=== Task item ===
Only the lines from the beginning of the data below through the line containing "Velocity Conversion1 : aerolib6dof2/6DOF" belong in the response, each copied exactly.

[Source information Boundary: Start]

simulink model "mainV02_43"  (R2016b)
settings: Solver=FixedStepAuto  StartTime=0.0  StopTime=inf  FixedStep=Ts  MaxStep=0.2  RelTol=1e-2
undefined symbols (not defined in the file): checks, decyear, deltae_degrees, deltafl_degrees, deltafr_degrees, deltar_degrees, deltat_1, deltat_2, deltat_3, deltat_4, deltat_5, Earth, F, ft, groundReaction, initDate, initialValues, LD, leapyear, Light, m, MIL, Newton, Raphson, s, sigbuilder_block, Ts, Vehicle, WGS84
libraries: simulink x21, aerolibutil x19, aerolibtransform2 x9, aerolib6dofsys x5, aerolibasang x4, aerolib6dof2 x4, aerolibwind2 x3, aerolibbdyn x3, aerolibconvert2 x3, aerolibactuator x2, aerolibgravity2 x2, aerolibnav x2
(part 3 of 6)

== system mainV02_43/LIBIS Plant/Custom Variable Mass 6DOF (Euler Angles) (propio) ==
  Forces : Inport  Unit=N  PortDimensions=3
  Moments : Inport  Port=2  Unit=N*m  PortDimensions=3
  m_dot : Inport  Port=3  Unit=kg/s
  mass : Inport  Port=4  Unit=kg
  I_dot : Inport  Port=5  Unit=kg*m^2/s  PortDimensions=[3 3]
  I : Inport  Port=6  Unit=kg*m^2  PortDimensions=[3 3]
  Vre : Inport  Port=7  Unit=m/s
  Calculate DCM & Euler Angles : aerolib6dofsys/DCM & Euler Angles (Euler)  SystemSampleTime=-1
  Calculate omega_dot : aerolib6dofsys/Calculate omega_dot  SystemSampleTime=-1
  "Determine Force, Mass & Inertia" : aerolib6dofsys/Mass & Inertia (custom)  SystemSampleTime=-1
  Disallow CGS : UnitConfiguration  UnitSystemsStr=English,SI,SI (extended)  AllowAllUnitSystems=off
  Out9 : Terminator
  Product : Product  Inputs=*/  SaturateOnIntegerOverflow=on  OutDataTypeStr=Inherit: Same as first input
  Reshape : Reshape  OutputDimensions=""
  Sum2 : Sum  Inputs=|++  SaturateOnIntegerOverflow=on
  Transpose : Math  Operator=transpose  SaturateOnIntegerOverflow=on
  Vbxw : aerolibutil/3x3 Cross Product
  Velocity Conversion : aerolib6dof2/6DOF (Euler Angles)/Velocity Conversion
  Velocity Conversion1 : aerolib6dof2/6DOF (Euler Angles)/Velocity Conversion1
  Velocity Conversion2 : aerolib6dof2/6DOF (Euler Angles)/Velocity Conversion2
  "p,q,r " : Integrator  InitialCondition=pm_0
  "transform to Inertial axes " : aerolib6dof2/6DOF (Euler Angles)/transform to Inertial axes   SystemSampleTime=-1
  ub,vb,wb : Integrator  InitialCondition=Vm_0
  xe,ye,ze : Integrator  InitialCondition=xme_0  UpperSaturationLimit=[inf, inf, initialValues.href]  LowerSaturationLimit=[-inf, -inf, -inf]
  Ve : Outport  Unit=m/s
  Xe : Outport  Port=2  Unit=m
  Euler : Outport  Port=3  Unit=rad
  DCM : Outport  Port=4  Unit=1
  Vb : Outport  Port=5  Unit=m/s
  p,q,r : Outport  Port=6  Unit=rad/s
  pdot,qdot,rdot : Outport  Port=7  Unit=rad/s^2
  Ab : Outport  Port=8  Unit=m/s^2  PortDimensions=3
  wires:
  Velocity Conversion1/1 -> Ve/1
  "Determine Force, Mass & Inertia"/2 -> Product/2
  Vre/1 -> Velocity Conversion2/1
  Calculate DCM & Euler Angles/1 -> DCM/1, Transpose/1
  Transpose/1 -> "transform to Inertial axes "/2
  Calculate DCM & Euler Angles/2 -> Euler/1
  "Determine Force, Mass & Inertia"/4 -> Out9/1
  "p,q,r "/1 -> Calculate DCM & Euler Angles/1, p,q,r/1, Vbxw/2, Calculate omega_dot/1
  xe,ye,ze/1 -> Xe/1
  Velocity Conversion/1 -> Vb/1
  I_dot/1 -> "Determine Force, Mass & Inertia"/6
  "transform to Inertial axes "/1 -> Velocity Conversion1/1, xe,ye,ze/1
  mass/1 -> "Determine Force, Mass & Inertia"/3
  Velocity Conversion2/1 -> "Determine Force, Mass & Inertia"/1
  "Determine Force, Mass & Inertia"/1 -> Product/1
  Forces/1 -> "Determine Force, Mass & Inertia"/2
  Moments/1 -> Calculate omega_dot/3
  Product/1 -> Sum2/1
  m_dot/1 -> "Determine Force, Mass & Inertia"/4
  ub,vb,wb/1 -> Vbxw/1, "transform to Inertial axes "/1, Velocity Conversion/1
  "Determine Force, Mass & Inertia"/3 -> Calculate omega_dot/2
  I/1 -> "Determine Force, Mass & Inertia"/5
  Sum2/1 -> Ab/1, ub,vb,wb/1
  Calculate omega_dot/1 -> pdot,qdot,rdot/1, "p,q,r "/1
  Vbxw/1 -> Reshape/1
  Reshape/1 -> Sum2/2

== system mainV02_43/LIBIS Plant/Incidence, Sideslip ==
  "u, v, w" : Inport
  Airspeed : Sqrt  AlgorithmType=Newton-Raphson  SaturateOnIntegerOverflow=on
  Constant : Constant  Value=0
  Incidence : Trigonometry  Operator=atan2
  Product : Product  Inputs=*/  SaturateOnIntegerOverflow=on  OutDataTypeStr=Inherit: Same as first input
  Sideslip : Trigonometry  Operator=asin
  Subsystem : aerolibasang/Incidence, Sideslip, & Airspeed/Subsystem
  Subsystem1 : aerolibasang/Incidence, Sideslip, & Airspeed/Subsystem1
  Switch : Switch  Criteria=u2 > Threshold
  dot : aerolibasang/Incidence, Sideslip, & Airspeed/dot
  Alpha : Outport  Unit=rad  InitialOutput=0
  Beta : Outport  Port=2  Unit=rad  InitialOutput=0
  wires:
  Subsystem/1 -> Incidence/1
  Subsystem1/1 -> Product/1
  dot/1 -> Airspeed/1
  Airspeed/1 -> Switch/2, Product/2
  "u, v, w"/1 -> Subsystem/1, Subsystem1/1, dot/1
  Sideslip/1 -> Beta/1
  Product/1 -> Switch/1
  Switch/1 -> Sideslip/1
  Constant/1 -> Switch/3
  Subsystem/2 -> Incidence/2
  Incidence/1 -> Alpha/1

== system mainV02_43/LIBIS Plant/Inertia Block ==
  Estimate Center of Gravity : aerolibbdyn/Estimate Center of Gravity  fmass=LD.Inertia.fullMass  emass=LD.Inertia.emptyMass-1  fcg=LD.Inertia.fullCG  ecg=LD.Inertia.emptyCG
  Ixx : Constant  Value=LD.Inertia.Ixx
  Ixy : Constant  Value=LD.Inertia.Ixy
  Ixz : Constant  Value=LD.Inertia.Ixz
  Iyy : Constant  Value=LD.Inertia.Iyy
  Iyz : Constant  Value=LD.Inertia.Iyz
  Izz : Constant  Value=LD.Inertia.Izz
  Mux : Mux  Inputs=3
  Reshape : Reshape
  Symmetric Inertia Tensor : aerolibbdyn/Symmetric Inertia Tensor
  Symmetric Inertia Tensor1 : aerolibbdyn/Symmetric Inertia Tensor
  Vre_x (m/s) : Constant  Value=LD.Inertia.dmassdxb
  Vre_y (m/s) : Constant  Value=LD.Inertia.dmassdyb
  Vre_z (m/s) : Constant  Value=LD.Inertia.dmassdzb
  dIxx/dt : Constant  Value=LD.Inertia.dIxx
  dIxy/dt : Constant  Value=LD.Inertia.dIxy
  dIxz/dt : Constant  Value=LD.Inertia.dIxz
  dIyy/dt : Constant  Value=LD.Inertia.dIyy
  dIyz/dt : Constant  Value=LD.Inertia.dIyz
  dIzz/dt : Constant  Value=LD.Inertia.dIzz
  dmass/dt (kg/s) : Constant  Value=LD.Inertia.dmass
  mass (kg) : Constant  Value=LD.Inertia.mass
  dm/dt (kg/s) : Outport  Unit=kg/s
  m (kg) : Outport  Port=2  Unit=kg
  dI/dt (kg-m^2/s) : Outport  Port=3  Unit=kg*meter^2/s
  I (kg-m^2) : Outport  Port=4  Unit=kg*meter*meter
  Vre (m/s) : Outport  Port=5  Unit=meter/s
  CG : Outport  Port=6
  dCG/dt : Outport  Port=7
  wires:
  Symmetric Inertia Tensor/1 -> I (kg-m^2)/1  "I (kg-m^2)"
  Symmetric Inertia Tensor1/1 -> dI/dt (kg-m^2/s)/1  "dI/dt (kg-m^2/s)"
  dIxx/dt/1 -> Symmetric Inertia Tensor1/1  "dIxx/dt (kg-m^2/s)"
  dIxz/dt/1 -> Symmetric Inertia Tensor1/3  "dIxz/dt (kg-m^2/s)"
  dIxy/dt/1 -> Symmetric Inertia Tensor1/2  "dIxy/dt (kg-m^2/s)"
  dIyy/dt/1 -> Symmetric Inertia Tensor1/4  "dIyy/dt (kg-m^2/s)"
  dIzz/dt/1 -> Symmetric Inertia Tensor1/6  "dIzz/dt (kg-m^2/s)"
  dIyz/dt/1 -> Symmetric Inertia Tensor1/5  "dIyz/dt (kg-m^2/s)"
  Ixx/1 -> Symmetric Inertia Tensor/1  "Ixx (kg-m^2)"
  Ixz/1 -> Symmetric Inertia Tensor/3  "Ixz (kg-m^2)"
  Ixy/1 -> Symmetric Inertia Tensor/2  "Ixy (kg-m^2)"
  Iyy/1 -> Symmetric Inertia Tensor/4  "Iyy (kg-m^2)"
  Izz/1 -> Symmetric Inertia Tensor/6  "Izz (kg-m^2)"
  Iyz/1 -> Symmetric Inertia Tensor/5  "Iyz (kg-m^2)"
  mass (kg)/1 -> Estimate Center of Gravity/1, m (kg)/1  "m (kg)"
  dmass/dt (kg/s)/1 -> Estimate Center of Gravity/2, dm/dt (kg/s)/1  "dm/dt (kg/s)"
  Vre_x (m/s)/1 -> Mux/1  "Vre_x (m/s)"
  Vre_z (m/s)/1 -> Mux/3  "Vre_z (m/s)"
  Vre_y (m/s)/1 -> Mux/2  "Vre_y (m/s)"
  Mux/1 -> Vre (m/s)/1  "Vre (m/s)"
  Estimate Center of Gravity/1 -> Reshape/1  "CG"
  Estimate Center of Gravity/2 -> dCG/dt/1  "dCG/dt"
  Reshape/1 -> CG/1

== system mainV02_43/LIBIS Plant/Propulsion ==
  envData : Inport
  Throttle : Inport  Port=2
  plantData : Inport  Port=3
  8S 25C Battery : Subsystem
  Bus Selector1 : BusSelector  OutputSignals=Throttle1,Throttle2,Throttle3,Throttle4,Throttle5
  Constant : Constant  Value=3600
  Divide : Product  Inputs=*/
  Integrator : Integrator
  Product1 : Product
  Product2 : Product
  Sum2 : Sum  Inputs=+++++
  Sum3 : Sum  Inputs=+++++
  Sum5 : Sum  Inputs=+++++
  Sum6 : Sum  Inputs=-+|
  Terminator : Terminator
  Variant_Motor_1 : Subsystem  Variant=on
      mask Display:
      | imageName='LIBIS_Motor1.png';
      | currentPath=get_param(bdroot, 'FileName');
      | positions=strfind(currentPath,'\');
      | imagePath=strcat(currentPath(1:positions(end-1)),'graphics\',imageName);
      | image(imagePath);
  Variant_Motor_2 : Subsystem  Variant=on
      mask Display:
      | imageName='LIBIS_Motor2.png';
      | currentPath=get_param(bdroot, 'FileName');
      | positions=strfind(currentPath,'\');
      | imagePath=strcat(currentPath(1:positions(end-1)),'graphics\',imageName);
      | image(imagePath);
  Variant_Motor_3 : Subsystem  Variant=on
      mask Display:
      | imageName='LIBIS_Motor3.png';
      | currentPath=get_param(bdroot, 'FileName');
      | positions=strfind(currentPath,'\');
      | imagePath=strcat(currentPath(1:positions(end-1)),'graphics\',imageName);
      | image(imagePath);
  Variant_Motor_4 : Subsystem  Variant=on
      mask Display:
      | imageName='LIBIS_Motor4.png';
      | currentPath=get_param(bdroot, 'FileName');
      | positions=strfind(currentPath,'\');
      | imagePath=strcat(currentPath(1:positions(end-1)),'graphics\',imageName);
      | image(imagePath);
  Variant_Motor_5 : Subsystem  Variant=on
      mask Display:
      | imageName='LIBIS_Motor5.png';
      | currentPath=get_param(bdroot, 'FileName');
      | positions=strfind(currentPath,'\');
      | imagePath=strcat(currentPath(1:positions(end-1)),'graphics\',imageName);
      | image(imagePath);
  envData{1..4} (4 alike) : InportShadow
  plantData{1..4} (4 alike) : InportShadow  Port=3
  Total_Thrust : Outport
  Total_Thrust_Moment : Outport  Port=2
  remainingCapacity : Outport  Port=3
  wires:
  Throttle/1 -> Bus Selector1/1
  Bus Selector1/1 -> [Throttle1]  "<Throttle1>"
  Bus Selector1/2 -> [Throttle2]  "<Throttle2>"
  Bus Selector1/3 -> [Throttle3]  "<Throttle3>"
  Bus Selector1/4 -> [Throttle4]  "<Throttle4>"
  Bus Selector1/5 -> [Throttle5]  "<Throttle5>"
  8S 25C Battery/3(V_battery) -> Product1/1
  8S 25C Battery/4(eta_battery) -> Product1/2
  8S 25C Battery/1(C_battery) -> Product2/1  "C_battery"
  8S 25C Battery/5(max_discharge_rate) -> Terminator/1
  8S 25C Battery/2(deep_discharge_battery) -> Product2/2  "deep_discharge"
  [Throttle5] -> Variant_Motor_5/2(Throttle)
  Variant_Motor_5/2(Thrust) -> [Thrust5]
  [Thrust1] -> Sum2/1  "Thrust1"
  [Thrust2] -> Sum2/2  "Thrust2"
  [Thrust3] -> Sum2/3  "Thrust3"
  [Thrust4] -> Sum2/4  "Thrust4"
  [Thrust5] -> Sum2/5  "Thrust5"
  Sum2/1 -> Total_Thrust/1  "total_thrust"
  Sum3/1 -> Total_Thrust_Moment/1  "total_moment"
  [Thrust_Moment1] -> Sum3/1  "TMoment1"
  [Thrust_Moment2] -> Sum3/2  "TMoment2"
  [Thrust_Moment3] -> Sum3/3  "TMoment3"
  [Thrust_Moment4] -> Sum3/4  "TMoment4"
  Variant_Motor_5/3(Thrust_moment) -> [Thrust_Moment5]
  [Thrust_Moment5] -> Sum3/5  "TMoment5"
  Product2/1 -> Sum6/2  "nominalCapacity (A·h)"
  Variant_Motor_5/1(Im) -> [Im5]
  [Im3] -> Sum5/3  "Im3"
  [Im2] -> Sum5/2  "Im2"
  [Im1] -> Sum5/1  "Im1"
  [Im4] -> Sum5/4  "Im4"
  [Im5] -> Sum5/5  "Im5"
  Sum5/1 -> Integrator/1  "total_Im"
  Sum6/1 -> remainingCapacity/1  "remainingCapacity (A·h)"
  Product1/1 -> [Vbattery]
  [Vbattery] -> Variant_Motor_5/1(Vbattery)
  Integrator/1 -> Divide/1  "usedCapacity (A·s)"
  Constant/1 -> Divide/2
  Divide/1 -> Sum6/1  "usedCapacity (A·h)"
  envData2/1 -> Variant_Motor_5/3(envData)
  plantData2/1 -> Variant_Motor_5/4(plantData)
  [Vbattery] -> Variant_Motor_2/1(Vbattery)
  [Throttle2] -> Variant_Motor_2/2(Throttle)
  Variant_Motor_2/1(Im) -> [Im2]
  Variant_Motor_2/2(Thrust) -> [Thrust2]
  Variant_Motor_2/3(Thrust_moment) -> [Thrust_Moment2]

[Source information Boundary: End]

=== Result for this exercise ===
simulink model "mainV02_43"  (R2016b)
settings: Solver=FixedStepAuto  StartTime=0.0  StopTime=inf  FixedStep=Ts  MaxStep=0.2  RelTol=1e-2
undefined symbols (not defined in the file): checks, decyear, deltae_degrees, deltafl_degrees, deltafr_degrees, deltar_degrees, deltat_1, deltat_2, deltat_3, deltat_4, deltat_5, Earth, F, ft, groundReaction, initDate, initialValues, LD, leapyear, Light, m, MIL, Newton, Raphson, s, sigbuilder_block, Ts, Vehicle, WGS84
libraries: simulink x21, aerolibutil x19, aerolibtransform2 x9, aerolib6dofsys x5, aerolibasang x4, aerolib6dof2 x4, aerolibwind2 x3, aerolibbdyn x3, aerolibconvert2 x3, aerolibactuator x2, aerolibgravity2 x2, aerolibnav x2
(part 3 of 6)

== system mainV02_43/LIBIS Plant/Custom Variable Mass 6DOF (Euler Angles) (propio) ==
  Forces : Inport  Unit=N  PortDimensions=3
  Moments : Inport  Port=2  Unit=N*m  PortDimensions=3
  m_dot : Inport  Port=3  Unit=kg/s
  mass : Inport  Port=4  Unit=kg
  I_dot : Inport  Port=5  Unit=kg*m^2/s  PortDimensions=[3 3]
  I : Inport  Port=6  Unit=kg*m^2  PortDimensions=[3 3]
  Vre : Inport  Port=7  Unit=m/s
  Calculate DCM & Euler Angles : aerolib6dofsys/DCM & Euler Angles (Euler)  SystemSampleTime=-1
  Calculate omega_dot : aerolib6dofsys/Calculate omega_dot  SystemSampleTime=-1
  "Determine Force, Mass & Inertia" : aerolib6dofsys/Mass & Inertia (custom)  SystemSampleTime=-1
  Disallow CGS : UnitConfiguration  UnitSystemsStr=English,SI,SI (extended)  AllowAllUnitSystems=off
  Out9 : Terminator
  Product : Product  Inputs=*/  SaturateOnIntegerOverflow=on  OutDataTypeStr=Inherit: Same as first input
  Reshape : Reshape  OutputDimensions=""
  Sum2 : Sum  Inputs=|++  SaturateOnIntegerOverflow=on
  Transpose : Math  Operator=transpose  SaturateOnIntegerOverflow=on
  Vbxw : aerolibutil/3x3 Cross Product
  Velocity Conversion : aerolib6dof2/6DOF (Euler Angles)/Velocity Conversion
  Velocity Conversion1 : aerolib6dof2/6DOF (Euler Angles)/Velocity Conversion1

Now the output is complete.